The first hours and days of Eden's life are still a bit of a blur for the new parents, with Janika losing a lot of blood and breastfeeding becoming increasingly difficult.
On the third night in hospital, Janika remembers a midwife taking Eden away because he'd been screaming for hours, and asking if it would be OK to give him formula.
"I was like, 'Yes, finally, someone please feed my baby!' But another midwife came along and said 'no'. Ross and I couldn't believe it. We made such a fuss that eventually she agreed and after that Eden slept soundly for hours. It was amazing."
After returning home, Eden was still struggling to feed, and Janika was becoming more and more desperate.
"Each time I had to breastfeed, it was miserable," she admits. "It was agony and there just wasn't enough milk for him."

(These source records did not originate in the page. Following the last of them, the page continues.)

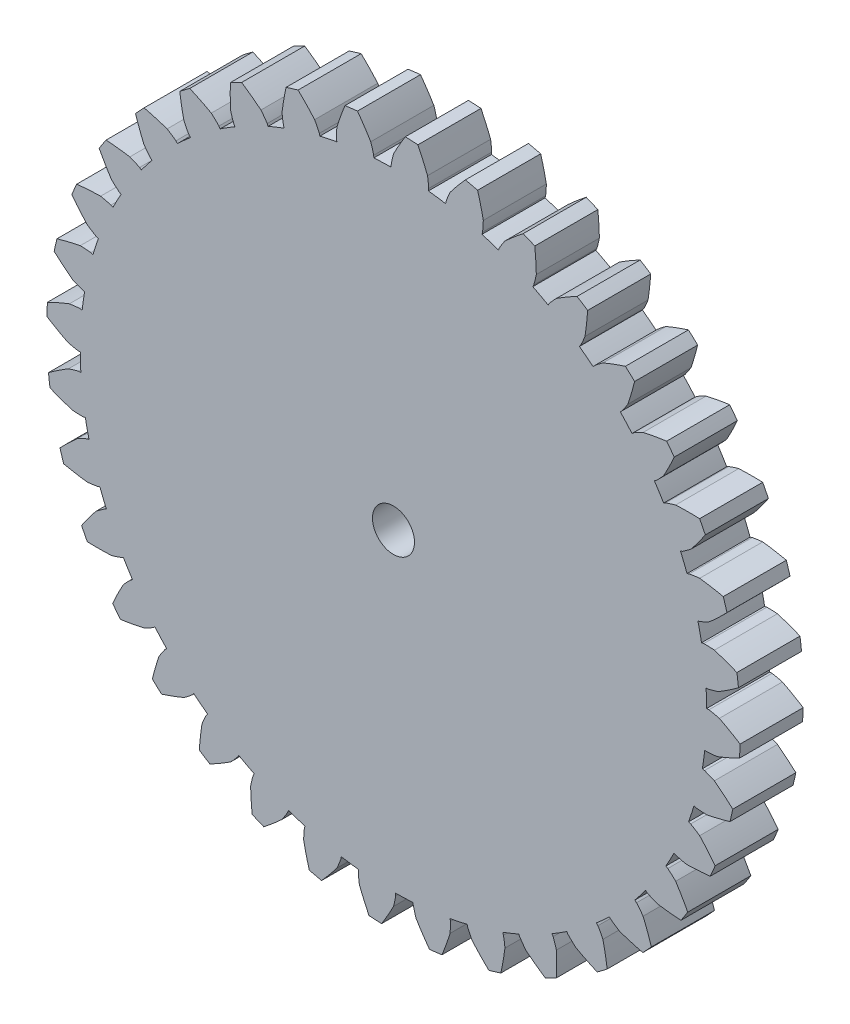
SolidWorks part; units mm, degrees
ref_plane "Front Plane" through (0, 0, 0) normal (0, 0, 1) x (1, 0, 0)
ref_plane "Top Plane" through (0, 0, 0) normal (0, 1, 0) x (1, 0, 0)
ref_plane "Right Plane" through (0, 0, 0) normal (1, 0, 0) x (0, 0, -1)
sketch "Sketch1" plane through (0, 0, 0) normal (0, 0, 1) x (1, 0, 0)
  line L0 (0, 5.8931) -> (0, -6.7835) construction
  line L1 (-10.3696, 0) -> (9.5981, 0) construction
  line L2 (-7.5145, 29.0566) -> (0, 0) construction
  line L3 (0, 0) -> (1.707, -6.6006) construction
  line L4 (-3.7573, 14.5283) -> (0, 15.5) construction
  line L5 (0, 15.5) -> (1.6202, 15.4151) construction
  line L6 (0, 0) -> (0.8101, 15.4575) construction
  line L7 (-0.1058, 15.0059) -> (-0.1058, 14.8996)
  line L8 (1.6737, 14.9127) -> (1.6626, 14.8069)
  line L9 (2.5016, 14.7963) -> (2.4831, 14.6916)
  line L10 (4.2379, 14.3955) -> (4.2086, 14.2933)
  line L11 (5.0329, 14.1371) -> (4.9966, 14.0372)
  line L12 (6.6732, 13.4409) -> (6.6266, 13.3453)
  line L13 (7.4114, 13.0484) -> (7.3582, 12.9563)
  line L14 (8.9058, 12.0779) -> (8.8433, 11.9919)
  line L15 (9.5646, 11.5632) -> (9.4963, 11.4818)
  line L16 (10.8678, 10.3479) -> (10.7914, 10.2741)
  line L17 (11.4272, 9.7266) -> (11.3458, 9.6583)
  line L18 (12.4996, 8.3035) -> (12.4115, 8.2441)
  line L19 (12.9426, 7.5946) -> (12.8506, 7.5414)
  line L20 (13.7516, 6.0068) -> (13.6545, 5.9636)
  line L21 (14.0648, 5.2317) -> (13.9649, 5.1954)
  line L22 (14.5858, 3.5276) -> (14.4826, 3.5019)
  line L23 (14.7596, 2.7099) -> (14.6549, 2.6915)
  line L24 (14.9767, 0.9413) -> (14.8707, 0.9338)
  line L25 (15.0059, 0.1058) -> (14.8996, 0.1058)
  line L26 (14.9127, -1.6737) -> (14.8069, -1.6626)
  line L27 (14.7963, -2.5016) -> (14.6916, -2.4831)
  line L28 (14.3955, -4.2379) -> (14.2933, -4.2086)
  line L29 (14.1371, -5.0329) -> (14.0372, -4.9966)
  line L30 (13.4409, -6.6732) -> (13.3453, -6.6266)
  line L31 (13.0484, -7.4114) -> (12.9563, -7.3582)
  line L32 (12.0779, -8.9058) -> (11.9919, -8.8433)
  line L33 (11.5632, -9.5646) -> (11.4818, -9.4963)
  line L34 (10.3479, -10.8678) -> (10.2741, -10.7914)
  line L35 (9.7266, -11.4272) -> (9.6583, -11.3458)
  line L36 (8.3035, -12.4996) -> (8.2441, -12.4115)
  line L37 (7.5946, -12.9426) -> (7.5414, -12.8506)
  line L38 (6.0068, -13.7516) -> (5.9636, -13.6545)
  line L39 (5.2317, -14.0648) -> (5.1954, -13.9649)
  line L40 (3.5276, -14.5858) -> (3.5019, -14.4826)
  line L41 (2.7099, -14.7596) -> (2.6915, -14.6549)
  line L42 (0.9413, -14.9767) -> (0.9338, -14.8707)
  line L43 (0.1058, -15.0059) -> (0.1058, -14.8996)
  line L44 (-1.6737, -14.9127) -> (-1.6626, -14.8069)
  line L45 (-2.5016, -14.7963) -> (-2.4831, -14.6916)
  line L46 (-4.2379, -14.3955) -> (-4.2086, -14.2933)
  line L47 (-5.0329, -14.1371) -> (-4.9966, -14.0372)
  line L48 (-6.6732, -13.4409) -> (-6.6266, -13.3453)
  line L49 (-7.4114, -13.0484) -> (-7.3582, -12.9563)
  line L50 (-8.9058, -12.0779) -> (-8.8433, -11.9919)
  line L51 (-9.5646, -11.5632) -> (-9.4963, -11.4818)
  line L52 (-10.8678, -10.3479) -> (-10.7914, -10.2741)
  line L53 (-11.4272, -9.7266) -> (-11.3458, -9.6583)
  line L54 (-12.4996, -8.3035) -> (-12.4115, -8.2441)
  line L55 (-12.9426, -7.5946) -> (-12.8506, -7.5414)
  line L56 (-13.7516, -6.0068) -> (-13.6545, -5.9636)
  line L57 (-14.0648, -5.2317) -> (-13.9649, -5.1954)
  line L58 (-14.5858, -3.5276) -> (-14.4826, -3.5019)
  line L59 (-14.7596, -2.7099) -> (-14.6549, -2.6915)
  line L60 (-14.9767, -0.9413) -> (-14.8707, -0.9338)
  line L61 (-15.0059, -0.1058) -> (-14.8996, -0.1058)
  line L62 (-14.9127, 1.6737) -> (-14.8069, 1.6626)
  line L63 (-14.7963, 2.5016) -> (-14.6916, 2.4831)
  line L64 (-14.3955, 4.2379) -> (-14.2933, 4.2086)
  line L65 (-14.1371, 5.0329) -> (-14.0372, 4.9966)
  line L66 (-13.4409, 6.6732) -> (-13.3453, 6.6266)
  line L67 (-13.0484, 7.4114) -> (-12.9563, 7.3582)
  line L68 (-12.0779, 8.9058) -> (-11.9919, 8.8433)
  line L69 (-11.5632, 9.5646) -> (-11.4818, 9.4963)
  line L70 (-10.3479, 10.8678) -> (-10.2741, 10.7914)
  line L71 (-9.7266, 11.4272) -> (-9.6583, 11.3458)
  line L72 (-8.3035, 12.4996) -> (-8.2441, 12.4115)
  line L73 (-7.5946, 12.9426) -> (-7.5414, 12.8506)
  line L74 (-6.0068, 13.7516) -> (-5.9636, 13.6545)
  line L75 (-5.2317, 14.0648) -> (-5.1954, 13.9649)
  line L76 (-3.5276, 14.5858) -> (-3.5019, 14.4826)
  line L77 (-2.7099, 14.7596) -> (-2.6915, 14.6549)
  line L78 (-0.9413, 14.9767) -> (-0.9338, 14.8707)
  circle A0 centre (0, 0) radius 15.5 construction
  arc A1 (-0.1058, 14.8996) -> (-0.9338, 14.8707) centre (0, 0) ccw
  arc A2 (1.1622, 16.459) -> (0.5646, 16.4903) centre (0, 0) ccw
  circle A3 centre (0, 0) radius 15.0063 construction
  arc A4 (0, 15.5) -> (0.5646, 16.4903) centre (11.5649, 9.5625) cw
  arc A5 (0, 15.5) -> (-0.1058, 15.0059) centre (4.8301, 14.2077) ccw
  arc A6 (1.6202, 15.4151) -> (1.1622, 16.459) centre (-10.502, 10.719) ccw
  arc A7 (1.6202, 15.4151) -> (1.6737, 14.9127) centre (-3.3185, 14.6348) cw
  arc A8 (0, 16.5) -> (16.5, 0) centre (0, 0) ccw construction
  arc A9 (2.6915, 15.2645) -> (2.5016, 14.7963) centre (7.2239, 13.1531) ccw
  arc A10 (2.6915, 15.2645) -> (3.4196, 16.1418) centre (13.0497, 7.409) cw
  arc A11 (4.0026, 16.0072) -> (3.4196, 16.1418) centre (0, 0) ccw
  arc A12 (4.2724, 14.8996) -> (4.0026, 16.0072) centre (-8.4811, 12.3798) ccw
  arc A13 (4.2724, 14.8996) -> (4.2379, 14.3955) centre (-0.7268, 14.9887) cw
  arc A14 (5.3013, 14.5652) -> (5.0329, 14.1371) centre (9.3981, 11.6989) ccw
  arc A15 (5.3013, 14.5652) -> (6.1706, 15.3027) centre (14.138, 5.0304) cw
  arc A16 (6.7214, 15.0689) -> (6.1706, 15.3027) centre (0, 0) ccw
  arc A17 (6.7948, 13.9313) -> (6.7214, 15.0689) centre (-6.2025, 13.6645) ccw
  arc A18 (6.7948, 13.9313) -> (6.6732, 13.4409) centre (1.887, 14.8872) cw
  arc A19 (7.75, 13.4234) -> (7.4114, 13.0484) centre (11.2868, 9.8892) ccw
  arc A20 (7.75, 13.4234) -> (8.7342, 13.9987) centre (14.7968, 2.499) cw
  arc A21 (9.236, 13.6728) -> (8.7342, 13.9987) centre (0, 0) ccw
  arc A22 (9.1107, 12.5398) -> (9.236, 13.6728) centre (-3.7355, 14.5339) ccw
  arc A23 (9.1107, 12.5398) -> (8.9058, 12.0779) centre (4.4434, 14.3333) cw
  arc A24 (9.9632, 11.8737) -> (9.5646, 11.5632) centre (12.8326, 7.779) ccw
  arc A25 (9.9632, 11.8737) -> (11.0323, 12.2694) centre (15.0059, -0.1084) cw
  arc A26 (11.4699, 11.8613) -> (11.0323, 12.2694) centre (0, 0) ccw
  arc A27 (11.1498, 10.7672) -> (11.4699, 11.8613) centre (-1.1549, 14.9618) ccw
  arc A28 (11.1498, 10.7672) -> (10.8678, 10.3479) centre (6.8649, 13.344) cw
  arc A29 (11.8737, 9.9632) -> (11.4272, 9.7266) centre (13.9885, 5.4325) ccw
  arc A30 (11.8737, 9.9632) -> (12.9953, 10.1673) centre (14.7591, -2.7125) cw
  arc A31 (13.3554, 9.6894) -> (12.9953, 10.1673) centre (0, 0) ccw
  arc A32 (12.8501, 8.6675) -> (13.3554, 9.6894) centre (1.4607, 14.935) ccw
  arc A33 (12.8501, 8.6675) -> (12.4996, 8.3035) centre (9.0778, 11.9492) cw
  arc A34 (13.4234, 7.75) -> (12.9426, 7.5946) centre (14.7193, 2.9209) ccw
  arc A35 (13.4234, 7.75) -> (14.5634, 7.7562) centre (14.0638, -5.2342) cw
  arc A36 (14.835, 7.223) -> (14.5634, 7.7562) centre (0, 0) ccw
  arc A37 (14.16, 6.3044) -> (14.835, 7.223) centre (4.032, 14.4545) ccw
  arc A38 (14.16, 6.3044) -> (13.7516, 6.0068) centre (11.0148, 10.1913) cw
  arc A39 (14.5652, 5.3013) -> (14.0648, 5.2317) centre (15.0029, 0.3205) ccw
  arc A40 (14.5652, 5.3013) -> (15.689, 5.1094) centre (12.9413, -7.5969) cw
  arc A41 (15.8639, 4.5372) -> (15.689, 5.1094) centre (0, 0) ccw
  arc A42 (15.0396, 3.7498) -> (15.8639, 4.5372) centre (6.4807, 13.5347) ccw
  arc A43 (15.0396, 3.7498) -> (14.5858, 3.5276) centre (12.6172, 8.1238) cw
  arc A44 (15.2645, 2.6915) -> (14.7596, 2.7099) centre (14.8306, -2.2896) ccw
  arc A45 (15.2645, 2.6915) -> (16.3379, 2.3075) centre (11.4255, -9.7287) cw
  arc A46 (16.4108, 1.7136) -> (16.3379, 2.3075) centre (0, 0) ccw
  arc A47 (15.4622, 1.0812) -> (16.4108, 1.7136) centre (8.7325, 12.2038) ccw
  arc A48 (15.4622, 1.0812) -> (14.9767, 0.9413) centre (13.8362, 5.8094) cw
  arc A49 (15.5, 0) -> (15.0059, 0.1058) centre (14.2077, -4.8301) ccw
  arc A50 (15.5, 0) -> (16.4903, -0.5646) centre (9.5625, -11.5649) cw
  arc A51 (16.459, -1.1622) -> (16.4903, -0.5646) centre (0, 0) ccw
  arc A52 (15.4151, -1.6202) -> (16.459, -1.1622) centre (10.719, 10.502) ccw
  arc A53 (15.4151, -1.6202) -> (14.9127, -1.6737) centre (14.6348, 3.3185) cw
  arc A54 (15.2645, -2.6915) -> (14.7963, -2.5016) centre (13.1531, -7.2239) ccw
  arc A55 (15.2645, -2.6915) -> (16.1418, -3.4196) centre (7.409, -13.0497) cw
  arc A56 (16.0072, -4.0026) -> (16.1418, -3.4196) centre (0, 0) ccw
  arc A57 (14.8996, -4.2724) -> (16.0072, -4.0026) centre (12.3798, 8.4811) ccw
  arc A58 (14.8996, -4.2724) -> (14.3955, -4.2379) centre (14.9887, 0.7268) cw
  arc A59 (14.5652, -5.3013) -> (14.1371, -5.0329) centre (11.6989, -9.3981) ccw
  arc A60 (14.5652, -5.3013) -> (15.3027, -6.1706) centre (5.0304, -14.138) cw
  arc A61 (15.0689, -6.7214) -> (15.3027, -6.1706) centre (0, 0) ccw
  arc A62 (13.9313, -6.7948) -> (15.0689, -6.7214) centre (13.6645, 6.2025) ccw
  arc A63 (13.9313, -6.7948) -> (13.4409, -6.6732) centre (14.8872, -1.887) cw
  arc A64 (14.0372, -4.9966) -> (14.2933, -4.2086) centre (0, 0) ccw
  arc A65 (14.6916, -2.4831) -> (14.8069, -1.6626) centre (0, 0) ccw
  arc A66 (14.8996, 0.1058) -> (14.8707, 0.9338) centre (0, 0) ccw
  arc A67 (14.6549, 2.6915) -> (14.4826, 3.5019) centre (0, 0) ccw
  arc A68 (13.9649, 5.1954) -> (13.6545, 5.9636) centre (0, 0) ccw
  arc A69 (12.8506, 7.5414) -> (12.4115, 8.2441) centre (0, 0) ccw
  arc A70 (11.3458, 9.6583) -> (10.7914, 10.2741) centre (0, 0) ccw
  arc A71 (9.4963, 11.4818) -> (8.8433, 11.9919) centre (0, 0) ccw
  arc A72 (7.3582, 12.9563) -> (6.6266, 13.3453) centre (0, 0) ccw
  arc A73 (4.9966, 14.0372) -> (4.2086, 14.2933) centre (0, 0) ccw
  arc A74 (2.4831, 14.6916) -> (1.6626, 14.8069) centre (0, 0) ccw
  circle A75 centre (0, 0) radius 1
  arc A76 (13.4234, -7.75) -> (13.0484, -7.4114) centre (9.8892, -11.2868) ccw
  arc A77 (13.4234, -7.75) -> (13.9987, -8.7342) centre (2.499, -14.7968) cw
  arc A78 (13.6728, -9.236) -> (13.9987, -8.7342) centre (0, 0) ccw
  arc A79 (12.5398, -9.1107) -> (13.6728, -9.236) centre (14.5339, 3.7355) ccw
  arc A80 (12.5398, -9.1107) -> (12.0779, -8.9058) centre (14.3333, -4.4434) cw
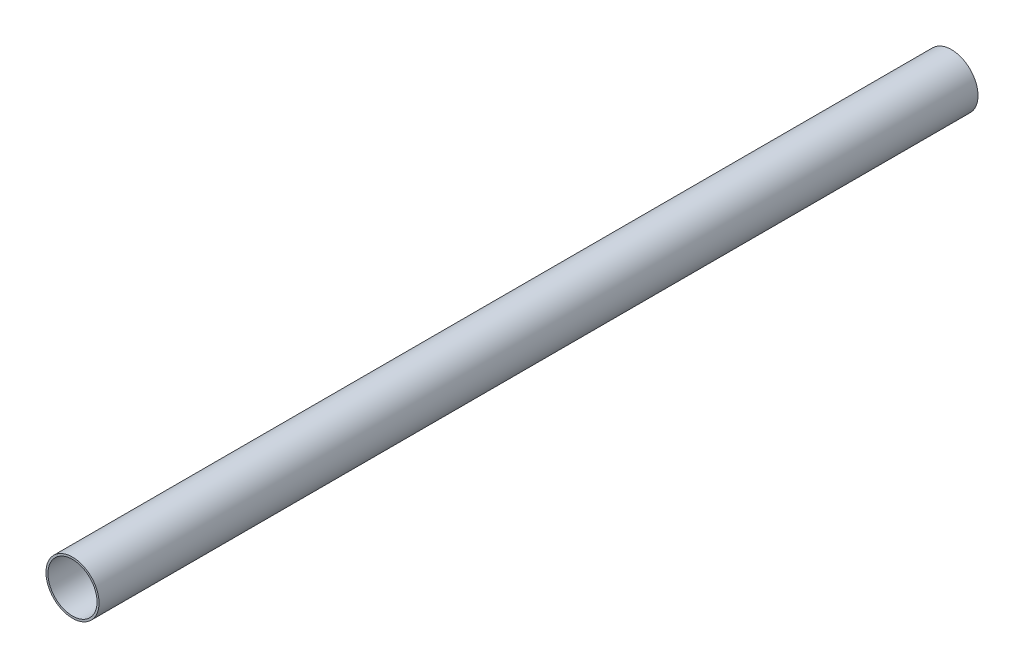
SolidWorks part; units mm, degrees
ref_plane "Front Plane" through (0, 0, 0) normal (0, 0, 1) x (1, 0, 0)
ref_plane "Top Plane" through (0, 0, 0) normal (0, 1, 0) x (1, 0, 0)
ref_plane "Right Plane" through (0, 0, 0) normal (1, 0, 0) x (0, 0, -1)
sketch "Sketch1" plane through (0, 0, 0) normal (0, 0, 1) x (1, 0, 0)
  circle A0 centre (0, 0) radius 8
  circle A1 centre (0, 0) radius 7.4
  dimension "D1" = 16
  dimension "D2" = 0.6
extrude "Boss-Extrude1" add sketch "Sketch1" along normal blind 265

With their baby barely sleeping – and not keen on going in a buggy or car seat either – the decision was quickly made that Ross wouldn't go back to Japan.
"It was like the apocalypse – he couldn't leave," recalls a panicked Janika.
And unlike most Kiwis, Janika was delighted when the All Blacks were knocked out of the tournament after losing the semi-final to England. "I love the All Blacks, but I was stoked," she laughs. "It made it that much easier for Ross to stay home, and Mediaworks [his boss] was so understanding."
After seeing lactation consultants, Eden had a procedure to fix his tongue tie and his relieved parents say he's now thriving on a combination of breast and bottle-feeding. The little one's recently started to enjoy walks in the front pack, so Janika is loving getting out of the house again too!
"It's really fun hanging out with him now," gushes Janika. "We're loving it."
And she's making the most of every precious moment with her boy before returning to work in March. Despite the challenges, there's no doubt that Eden has brought new meaning to life for the couple, who wed in 2016.
"The highs are higher than we ever could've imagined. We feel so incredibly lucky to have him," tells Janika.